“I have an invisible bucket.”
This got my attention. And what he’d said was so much more interesting than The Washington Post article I was reading about the latest hate-filled thing Donald Trump had said.
I looked up from the paper, over the lunch dishes, and across the table at my 5-year old son.
“You do?”
“Yes,” he continued, “with me all the time.”
“Oh! That’s right,” I replied in a sing-song mommy voice, now remembering the special book he’d been taught at the beginning of the school year.

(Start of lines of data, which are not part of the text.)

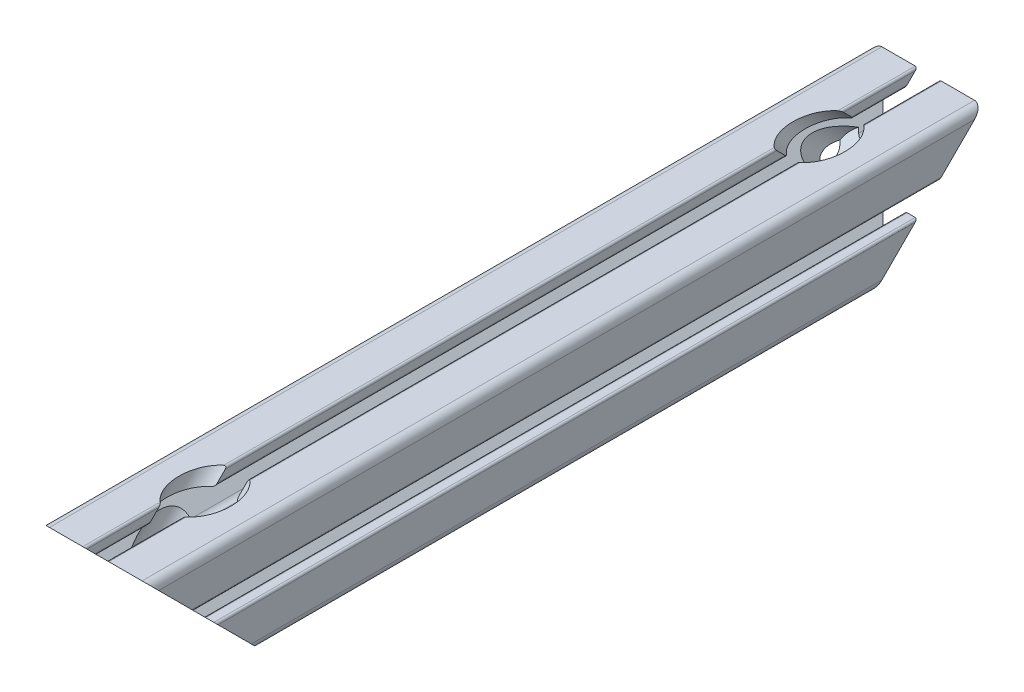
SolidWorks part; units mm, degrees
ref_plane "Front Plane" through (0, 0, 0) normal (0, 0, 1) x (1, 0, 0)
ref_plane "Top Plane" through (0, 0, 0) normal (0, 1, 0) x (1, 0, 0)
ref_plane "Right Plane" through (0, 0, 0) normal (1, 0, 0) x (0, 0, -1)
sketch "Sketch1" plane through (0, 0, 0) normal (0, 0, 1) x (1, 0, 0)
  line L2 (-20, 16.952) -> (-20, 4.7625)
  line L3 (-16.952, 20) -> (-4.7625, 20)
  line L4 (-4.0005, 19.238) -> (-4.0005, 16.2662)
  line L5 (-4.7625, 15.5042) -> (-10.2235, 15.5042)
  line L6 (-10.7623, 14.2034) -> (-5.194, 8.6351)
  line L7 (-14.2034, 10.7623) -> (-8.6351, 5.194)
  line L8 (-15.5042, 10.2235) -> (-15.5042, 4.7625)
  line L9 (-16.2662, 4.0005) -> (-19.238, 4.0005)
  line L11 (-3.0746, 7.7572) -> (3.0746, 7.7572)
  line L12 (-7.7572, 3.0746) -> (-7.7572, -3.0746)
  line L13 (16.2662, 4.0005) -> (19.238, 4.0005)
  line L14 (15.5042, 10.2235) -> (15.5042, 4.7625)
  line L15 (20, 16.952) -> (20, 4.7625)
  line L16 (16.952, 20) -> (4.7625, 20)
  line L17 (4.0005, 19.238) -> (4.0005, 16.2662)
  line L18 (4.7625, 15.5042) -> (10.2235, 15.5042)
  line L19 (7.7572, 3.0746) -> (7.7572, -3.0746)
  line L20 (10.7623, 14.2034) -> (5.194, 8.6351)
  line L21 (14.2034, 10.7623) -> (8.6351, 5.194)
  line L22 (-16.2662, -4.0005) -> (-19.238, -4.0005)
  line L23 (-15.5042, -10.2235) -> (-15.5042, -4.7625)
  line L24 (-14.2034, -10.7623) -> (-8.6351, -5.194)
  line L25 (-10.7623, -14.2034) -> (-5.194, -8.6351)
  line L26 (-4.7625, -15.5042) -> (-10.2235, -15.5042)
  line L27 (-4.0005, -19.238) -> (-4.0005, -16.2662)
  line L28 (-16.952, -20) -> (-4.7625, -20)
  line L29 (-20, -16.952) -> (-20, -4.7625)
  line L30 (20, -16.952) -> (20, -4.7625)
  line L31 (16.952, -20) -> (4.7625, -20)
  line L32 (4.0005, -19.238) -> (4.0005, -16.2662)
  line L33 (4.7625, -15.5042) -> (10.2235, -15.5042)
  line L34 (10.7623, -14.2034) -> (5.194, -8.6351)
  line L35 (14.2034, -10.7623) -> (8.6351, -5.194)
  line L36 (15.5042, -10.2235) -> (15.5042, -4.7625)
  line L37 (16.2662, -4.0005) -> (19.238, -4.0005)
  line L38 (-3.0746, -7.7572) -> (3.0746, -7.7572)
  circle A0 centre (0, 0) radius 3.4036
  arc A1 (-20, 16.952) -> (-16.952, 20) centre (-16.952, 16.952) cw
  arc A2 (-14.2034, 10.7623) -> (-15.5042, 10.2235) centre (-14.7422, 10.2235) ccw
  arc A3 (-10.2235, 15.5042) -> (-10.7623, 14.2034) centre (-10.2235, 14.7422) ccw
  arc A4 (-4.7625, 20) -> (-4.0005, 19.238) centre (-4.7625, 19.238) cw
  arc A5 (-20, 4.7625) -> (-19.238, 4.0005) centre (-19.238, 4.7625) ccw
  arc A6 (-15.5042, 4.7625) -> (-16.2662, 4.0005) centre (-16.2662, 4.7625) cw
  arc A7 (-4.0005, 16.2662) -> (-4.7625, 15.5042) centre (-4.7625, 16.2662) cw
  arc A8 (-3.0746, 7.7572) -> (-5.194, 8.6351) centre (-3.0746, 10.7544) cw
  arc A9 (-7.7572, 3.0746) -> (-8.6351, 5.194) centre (-10.7544, 3.0746) ccw
  arc A10 (15.5042, 4.7625) -> (16.2662, 4.0005) centre (16.2662, 4.7625) ccw
  arc A11 (20, 4.7625) -> (19.238, 4.0005) centre (19.238, 4.7625) cw
  arc A12 (20, 16.952) -> (16.952, 20) centre (16.952, 16.952) ccw
  arc A13 (4.7625, 20) -> (4.0005, 19.238) centre (4.7625, 19.238) ccw
  arc A14 (4.0005, 16.2662) -> (4.7625, 15.5042) centre (4.7625, 16.2662) ccw
  arc A15 (3.0746, 7.7572) -> (5.194, 8.6351) centre (3.0746, 10.7544) ccw
  arc A16 (7.7572, 3.0746) -> (8.6351, 5.194) centre (10.7544, 3.0746) cw
  arc A17 (14.2034, 10.7623) -> (15.5042, 10.2235) centre (14.7422, 10.2235) cw
  arc A18 (10.2235, 15.5042) -> (10.7623, 14.2034) centre (10.2235, 14.7422) cw
  arc A19 (-7.7572, -3.0746) -> (-8.6351, -5.194) centre (-10.7544, -3.0746) cw
  arc A20 (-3.0746, -7.7572) -> (-5.194, -8.6351) centre (-3.0746, -10.7544) ccw
  arc A21 (-4.0005, -16.2662) -> (-4.7625, -15.5042) centre (-4.7625, -16.2662) ccw
  arc A22 (-15.5042, -4.7625) -> (-16.2662, -4.0005) centre (-16.2662, -4.7625) ccw
  arc A23 (-20, -4.7625) -> (-19.238, -4.0005) centre (-19.238, -4.7625) cw
  arc A24 (-4.7625, -20) -> (-4.0005, -19.238) centre (-4.7625, -19.238) ccw
  arc A25 (-10.2235, -15.5042) -> (-10.7623, -14.2034) centre (-10.2235, -14.7422) cw
  arc A26 (-14.2034, -10.7623) -> (-15.5042, -10.2235) centre (-14.7422, -10.2235) cw
  arc A27 (-20, -16.952) -> (-16.952, -20) centre (-16.952, -16.952) ccw
  arc A28 (20, -16.952) -> (16.952, -20) centre (16.952, -16.952) cw
  arc A29 (14.2034, -10.7623) -> (15.5042, -10.2235) centre (14.7422, -10.2235) ccw
  arc A30 (10.2235, -15.5042) -> (10.7623, -14.2034) centre (10.2235, -14.7422) ccw
  arc A31 (4.7625, -20) -> (4.0005, -19.238) centre (4.7625, -19.238) cw
  arc A32 (20, -4.7625) -> (19.238, -4.0005) centre (19.238, -4.7625) ccw
  arc A33 (15.5042, -4.7625) -> (16.2662, -4.0005) centre (16.2662, -4.7625) cw
  arc A34 (4.0005, -16.2662) -> (4.7625, -15.5042) centre (4.7625, -16.2662) cw
  arc A35 (3.0746, -7.7572) -> (5.194, -8.6351) centre (3.0746, -10.7544) cw
  arc A36 (7.7572, -3.0746) -> (8.6351, -5.194) centre (10.7544, -3.0746) ccw
extrude "Boss-Extrude1" add sketch "Sketch1" along normal mid plane 304.8
sketch "Sketch2" plane through (0, 0, 0) normal (1, 0, 0) x (0, 0, -1)
  line L0 (-152.4, 20) -> (-152.4, -20)
  line L1 (-152.4, -20) -> (-112.4, -20)
  line L2 (-112.4, -20) -> (-152.4, 20)
  line L3 (0, 0) -> (0, 20) construction
  line L4 (-152.4, 20) -> (152.4, 20) construction
  line L5 (112.4, -20) -> (152.4, 20)
  line L6 (152.4, -20) -> (112.4, -20)
  line L7 (152.4, 20) -> (152.4, -20)
extrude "Cut-Extrude1" cut sketch "Sketch2" against normal through all and the other way through all
sketch "Sketch3" plane through (0, 0, 0) normal (1, 0, 0) x (0, 0, -1)
  line L0 (-152.4, -20) -> (-105.6825, 26.7175) construction
  line L1 (-105.6825, 26.7175) -> (-112.4, 33.435)
  line L2 (-112.4, 33.435) -> (-134.6627, 11.1723)
  line L3 (-134.6627, 11.1723) -> (-130.8797, 7.3893)
  line L4 (-130.8797, 7.3893) -> (-135.3345, 2.9345)
  line L5 (-135.3345, 2.9345) -> (-132.4, 0)
  line L6 (-112.4, -20) -> (-152.4, 20) construction
  line L7 (-98.965, 20) -> (-121.2277, -2.2627) construction
  line L8 (-152.4, 20) -> (152.4, 20) construction
  line L9 (-135.8036, 3.4036) -> (-128.9964, -3.4036) construction
  line L10 (-105.6825, 26.7175) -> (-132.4, 0)
  dimension "D1" = 8.3
  dimension "D2" = 19
  dimension "D3" = 6.3
revolve "Cut-Revolve1" cut sketch "Sketch3" angle 360 mid plane about L0
mirror "Mirror1" about plane through (0, 0, 0) normal (0, 0, 1) of "Cut-Revolve1"

Fill a Bucket by Carol McCloud explains that we all carry a bucket with us each day. It can be filled with good things or bad things, and its contents are mostly determined by us. Yet we can help others fill their buckets by speaking to them kindly and showing love through our actions. Others can do the same for us. Negative words and the like have the opposite effect – they empty peoples’ buckets. But the secret jewel in living life knowing about these invisible buckets, is that you can enrich your own – that is, you can fill your own bucket – by filling others’ with love.
For whatever reason, I wasn’t feeling especially loving that day, and the article I was reading was probably draining my bucket a bit. But the good news is that the work we do as parents day in and out can pay off when we least expect it.
“So,” I said, “What’s in your bucket today?”
He climbed down from his chair, took a couple steps over and put his face very close to mine.
“So much goodness.”
I wrapped my arms around him, buried my face in his neck, and kissed his little ears and cheeks until he wriggled free, giggling, “Mommy, Stop! Stop! Stop!”
My bucket was filled for days.
May these words of my mouth and this meditation of my heart be pleasing in your sight, Lord, my Rock and my Redeemer.